# Stuck in blue screen



## Abdul027329621 (Nov 20, 2021)

Hi I need some help plz if anyone that knows about the blue screen in window and can help me plz contact me on discord


----------



## lunarlander (Sep 22, 2007)

What is the blue screen error code and text?

Are you able to get back into Windows?


----------



## Abdul027329621 (Nov 20, 2021)

It's not the blue screen error it's this one


----------



## blues_harp28 (Jan 9, 2005)

Hi Abdul02732962. I have removed your link to Discord as all replies must be given here in the forum.
You say you are stuck on this screen - what happens when you click on one of the options, like 'Startup Repair'?


----------



## Abdul027329621 (Nov 20, 2021)

blues_harp28 said:


> Hi Abdul02732962. I have removed your link to Discord as all replies must be given here in the forum.
> You say you are stuck on this screen - what happens when you click on one of the options, like 'Startup Repair'?


To be more specific this what I see:








And when I press continue the pc boots and comes back to the same thing


----------



## blues_harp28 (Jan 9, 2005)

It looks like the Windows 10 system files are faulty or damaged.
Download the MediaCreationTool
https://www.microsoft.com/en-us/software-download/windows10
Click the "Download tool now" button.
Download to your desktop
Burn to a DVD or load onto a USB stick.

Boot your computer using Windows DVD or USB stick
Click Repair your computer in the lower left corner.
Select Troubleshoot > advanced options > select Automatic repair.

https://www.thewindowsclub.com/boot-or-repair-windows-10-using-the-installation-media


----------



## Abdul027329621 (Nov 20, 2021)

blues_harp28 said:


> It looks like the Windows 10 system files are faulty or damaged.
> Download the MediaCreationTool
> https://www.microsoft.com/en-us/software-download/windows10
> Click the "Download tool now" button.
> ...


Ok I'm gonna try


----------



## blues_harp28 (Jan 9, 2005)

Keep us updated.


----------



## Abdul027329621 (Nov 20, 2021)

blues_harp28 said:


> Keep us updated.


hi I'm really sorry for the late update, but I did what u told me and I got this


----------



## Abdul027329621 (Nov 20, 2021)

Abdul027329621 said:


> hi I'm really sorry for the late update, but I did what u told me and I got this
> View attachment 292284


Hi I think I got it but when I try to download windows, I get this message (If the selected partition contains files from a previous Windows installation, the files and folders will be moved to a folder named Windows.old. You will be able to access Windows.old, but you will not be able to use the previous Windows installation.)


----------



## blues_harp28 (Jan 9, 2005)

You do not want to download and install Windows as you will overwrite all your files and data.

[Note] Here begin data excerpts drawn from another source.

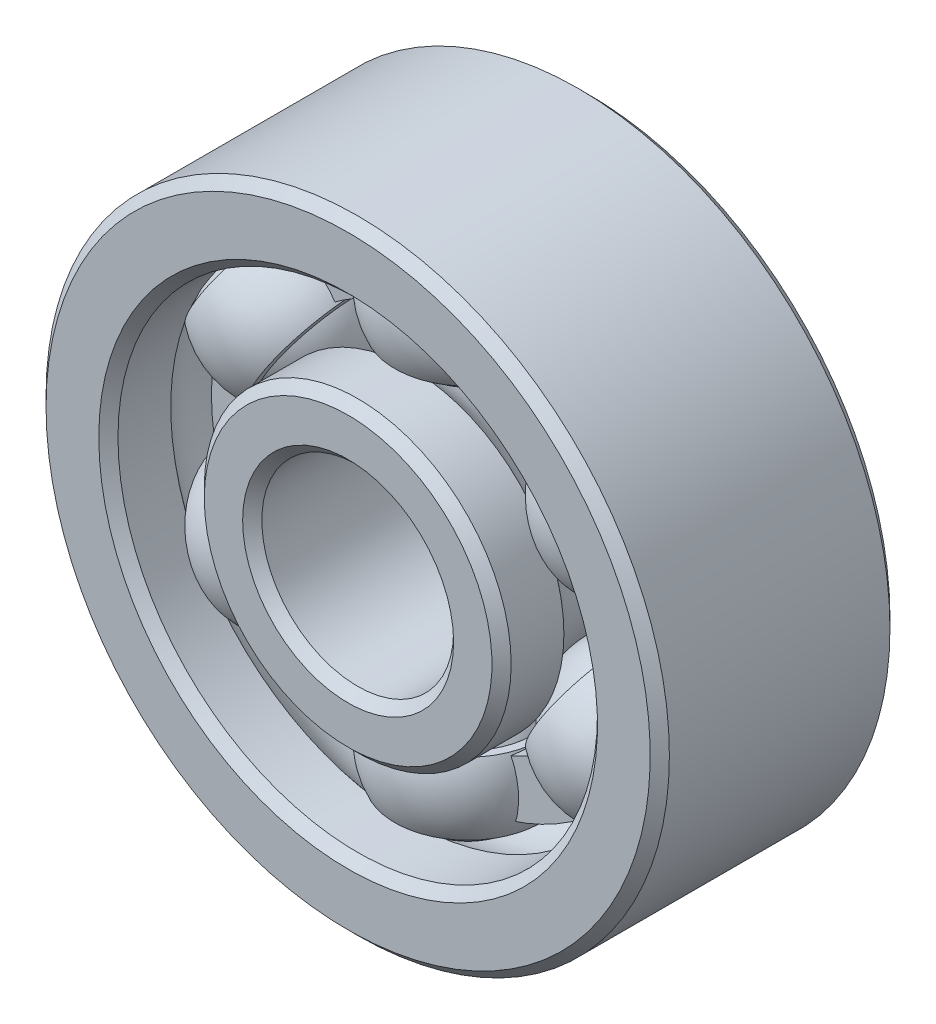
SolidWorks part; units mm, degrees
material "Alloy Steel"
ref_plane "Front" through (0, 0, 0) normal (0, 0, 1) x (1, 0, 0)
ref_plane "Top" through (0, 0, 0) normal (0, 1, 0) x (1, 0, 0)
ref_plane "Right" through (0, 0, 0) normal (1, 0, 0) x (0, 0, -1)
ref_axis "Ось1" through (0, 0, -80.9) along (0, 0, 1)
sketch "Sketch1" plane through (0, 0, 0) normal (1, 0, 0) x (0, 0, -1)
  line L0 (0, 6.5) -> (0, 0) construction
  line L1 (-2.5, 6.5) -> (2.5, 6.5)
  line L2 (-2.5, 6.5) -> (-2.5, 5)
  line L3 (-2.5, 5) -> (-1.2, 5)
  line L4 (2.5, 6.5) -> (2.5, 5)
  line L5 (-2.5, 3.2) -> (-1.2, 3.2)
  line L6 (-2.5, 3.2) -> (-2.5, 2)
  line L7 (-2.5, 2) -> (2.5, 2)
  line L8 (2.5, 3.2) -> (2.5, 2)
  line L9 (-2.5, 5) -> (2.5, 3.2) construction
  line L10 (2.5, 5) -> (-2.5, 3.2) construction
  line L11 (1.2, 5) -> (2.5, 5)
  line L12 (1.2, 3.2) -> (2.5, 3.2)
  line L13 (0, 0) -> (2.5, 0) construction
  arc A0 (1.2, 5) -> (-1.2, 5) centre (0, 4.1) ccw
  arc A1 (-1.2, 3.2) -> (1.2, 3.2) centre (0, 4.1) ccw
  dimension "D7" = 1.5
  dimension "D1" = 1.2
  dimension "D2" = 1.5
  dimension "D3" = 2
  dimension "D4" = 6.5
  dimension "D5" = 5
  dimension "D6" = 1.8
sketch "Sketch2" plane through (0, 0, 0) normal (1, 0, 0) x (0, 0, -1)
  line L0 (0, 2.5873) -> (0, 5.6127)
  arc A0 (0, 2.6) -> (0, 5.6) centre (0, 4.1) ccw construction
  arc A1 (1.2, 5) -> (-1.2, 5) centre (0, 4.1) ccw construction
  arc A2 (0, 2.5873) -> (0, 5.6127) centre (0, 4.1) ccw
  dimension "D1" = 0.0127
sketch "Sketch3" plane through (0, 0, 0) normal (1, 0, 0) x (0, 0, -1)
  line L4 (1.3565, 3.35) -> (1.5256, 3.35)
  line L6 (1.2, 3.2) -> (2.5, 3.2) construction
  line L7 (1.3565, 4.85) -> (1.5256, 4.85)
  line L8 (1.2, 5) -> (2.5, 5) construction
  arc A0 (1.5256, 3.35) -> (1.5256, 4.85) centre (0, 4.1) ccw
  arc A2 (1.2, 5) -> (-1.2, 5) centre (0, 4.1) ccw construction
  arc A3 (1.3565, 3.35) -> (1.3565, 4.85) centre (0, 4.1) ccw
  dimension "D2" = 0.05
  dimension "D4" = 0.15
  dimension "D5" = 0.15
revolve "Revolve1" add sketch "Sketch1" angle 360 about L13
revolve "Revolve2" add sketch "Sketch2" angle 360 about L0
pattern_circular "CirPattern1" count 6 over 360 about axis through (0, 0, 0) along (0, 0, 1) of bodies 104
revolve "Revolve3" add sketch "Sketch3" angle 360 about L0
pattern_circular "CirPattern2" count 6 over 360 about axis through (0, 0, 0) along (0, 0, 1) of bodies 112
sketch "Sketch5" plane through (0, 0, 0) normal (0, 0, 1) x (1, 0, 0)
  circle A0 centre (0, 0) radius 3.2 construction
  circle A2 centre (0, 0) radius 3.2 construction
  circle A3 centre (0, 0) radius 5 construction
  arc A4 (-1.4343, 4.5807) -> (-3.2499, 3.5325) centre (0, 0) ccw
  arc A5 (-1.3613, 3.4405) -> (-2.2988, 2.8992) centre (0, 0) ccw
  circle A6 centre (-3.5507, 2.05) radius 1.5127 construction
  circle A7 centre (0, 4.1) radius 1.5127 construction
  arc A8 (-2.2988, 2.8992) -> (-3.2499, 3.5325) centre (-3.5507, 2.05) ccw
  arc A9 (-1.4343, 4.5807) -> (-1.3613, 3.4405) centre (0, 4.1) ccw
  circle A10 centre (0, 0) radius 4.8 construction
  circle A11 centre (0, 0) radius 3.7 construction
  circle A13 centre (0, 0) radius 5 construction
  dimension "D1" = 0.2
  dimension "D2" = 0.5
extrude "Extrude1" add sketch "Sketch5" along normal mid plane 1.1 separate body
pattern_circular "CirPattern4" count 6 over 360 about axis through (0, 0, 0) along (0, 0, -1) reverse direction yes of bodies 154
chamfer "Chamfer1" distance 0.2 angle 45 4 edges at (2, 0, -2.5) (3.2, 0, -2.5) (3.2, 0, 2.5) (2, 0, 2.5)
chamfer "Фаска1" distance 0.2 angle 45 4 edges at (6.5, 0, 2.5) (5, 0, 2.5) (5, 0, -2.5) (6.5, 0, -2.5)
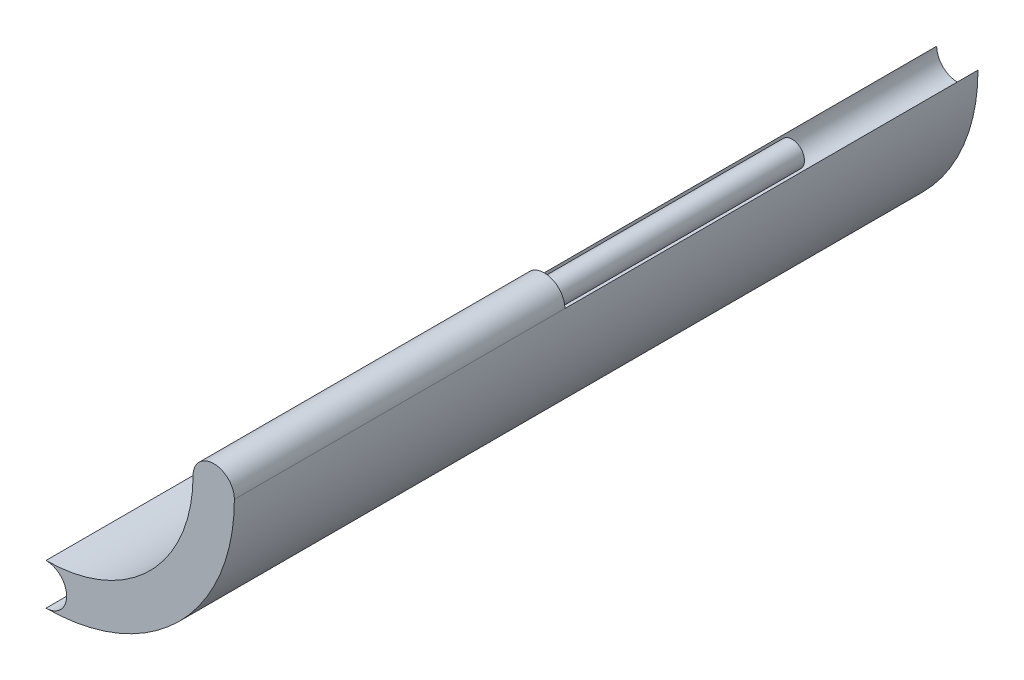
SolidWorks part; units mm, degrees
material "Commercialement pur CP-Ti UNS R50400 (SS)"
ref_plane "Plan de face" through (0, 0, 0) normal (0, 0, 1) x (1, 0, 0)
ref_plane "Plan de dessus" through (0, 0, 0) normal (0, 1, 0) x (1, 0, 0)
ref_plane "Plan de droite" through (0, 0, 0) normal (1, 0, 0) x (0, 0, -1)
sketch "Esquisse1" plane through (0, 0, 0) normal (0, 0, 1) x (1, 0, 0)
  line L0 (-114, 0) -> (114, 0) construction
  line L1 (0, -89) -> (0, -114) construction
  line L2 (89, 0) -> (114, 0) construction
  circle A0 centre (0, 0) radius 89
  circle A1 centre (0, 0) radius 114
  circle A2 centre (0, -101.5) radius 12.5
  circle A3 centre (101.5, 0) radius 12.5
  circle A4 centre (101.5, 0) radius 7.5
  dimension "D1" = 228
  dimension "D2" = 178
  dimension "D3" = 15
extrude "Boss.-Extru.1" add sketch "Esquisse1" against normal blind 450 contours A3 A0 A2 A1 region at (66.5645, -66.5645, 0)
extrude "Boss.-Extru.2" add sketch "Esquisse1<3>" against normal blind 350 separate body contours A4 region at (101.5, 0, 0)
sketch "Esquisse1<3>" plane through (0, 0, 0) normal (0, 0, 1) x (1, 0, 0) same geometry as "Esquisse1"
extrude "Boss.-Extru.3" add sketch "Esquisse1<4>" against normal blind 200 contours A3 A4 region at (101.5, 12.1464, 0)
sketch "Esquisse1<4>" plane through (0, 0, 0) normal (0, 0, 1) x (1, 0, 0) same geometry as "Esquisse1"

Starting the pc from the DVD or USB stick you created -Click on the Advanced Options > then choose Command Prompt.
At the command prompt window > Type or copy and paste *DISM /Online /Cleanup-Image /RestoreHealth*
Press Enter on the keyboard.
Let it run to completion - and keep the command prompt window open.
Then Type *sfc /scannow*
Let it scan and repair/replace system files.
Restart your pc and see if that has helped.


----------



## Abdul027329621 (Nov 20, 2021)

blues_harp28 said:


> You do not want to download and install Windows as you will overwrite all your files and data.
> 
> Starting the pc from the DVD or USB stick you created -Click on the Advanced Options > then choose Command Prompt.
> At the command prompt window > Type or copy and paste *DISM /Online /Cleanup-Image /RestoreHealth*
> ...


Hi, and sorry for the late update but now everything works thank you.
I have a question, I have a GTX 970 4GB and i7 as a cpu and 15gb ram, and I wonder if I can have two screens? The One I have now (60hz) and I'm ganna buy a new one (144 hz)


----------



## blues_harp28 (Jan 9, 2005)

Abdul027329621 said:


> I have a question, I have a GTX 970 4GB and i7 as a cpu and 15gb ram, and I wonder if I can have two screens? The One I have now (60hz) and I'm ganna buy a new one (144 hz)


I'm not a hardware expert - when checking online many are saying yes.
But I will ask one of our hardware experts here to reply to you.


----------



## Abdul027329621 (Nov 20, 2021)

blues_harp28 said:


> I'm not a hardware expert - when checking online many are saying yes.
> But I will ask one of our hardware experts here to reply to you.


Ty


----------



## Couriant (Mar 26, 2002)

The model number you provided can support up to 4 monitors.


----------



## Abdul027329621 (Nov 20, 2021)

Couriant said:


> The model number you provided can support up to 4 monitors.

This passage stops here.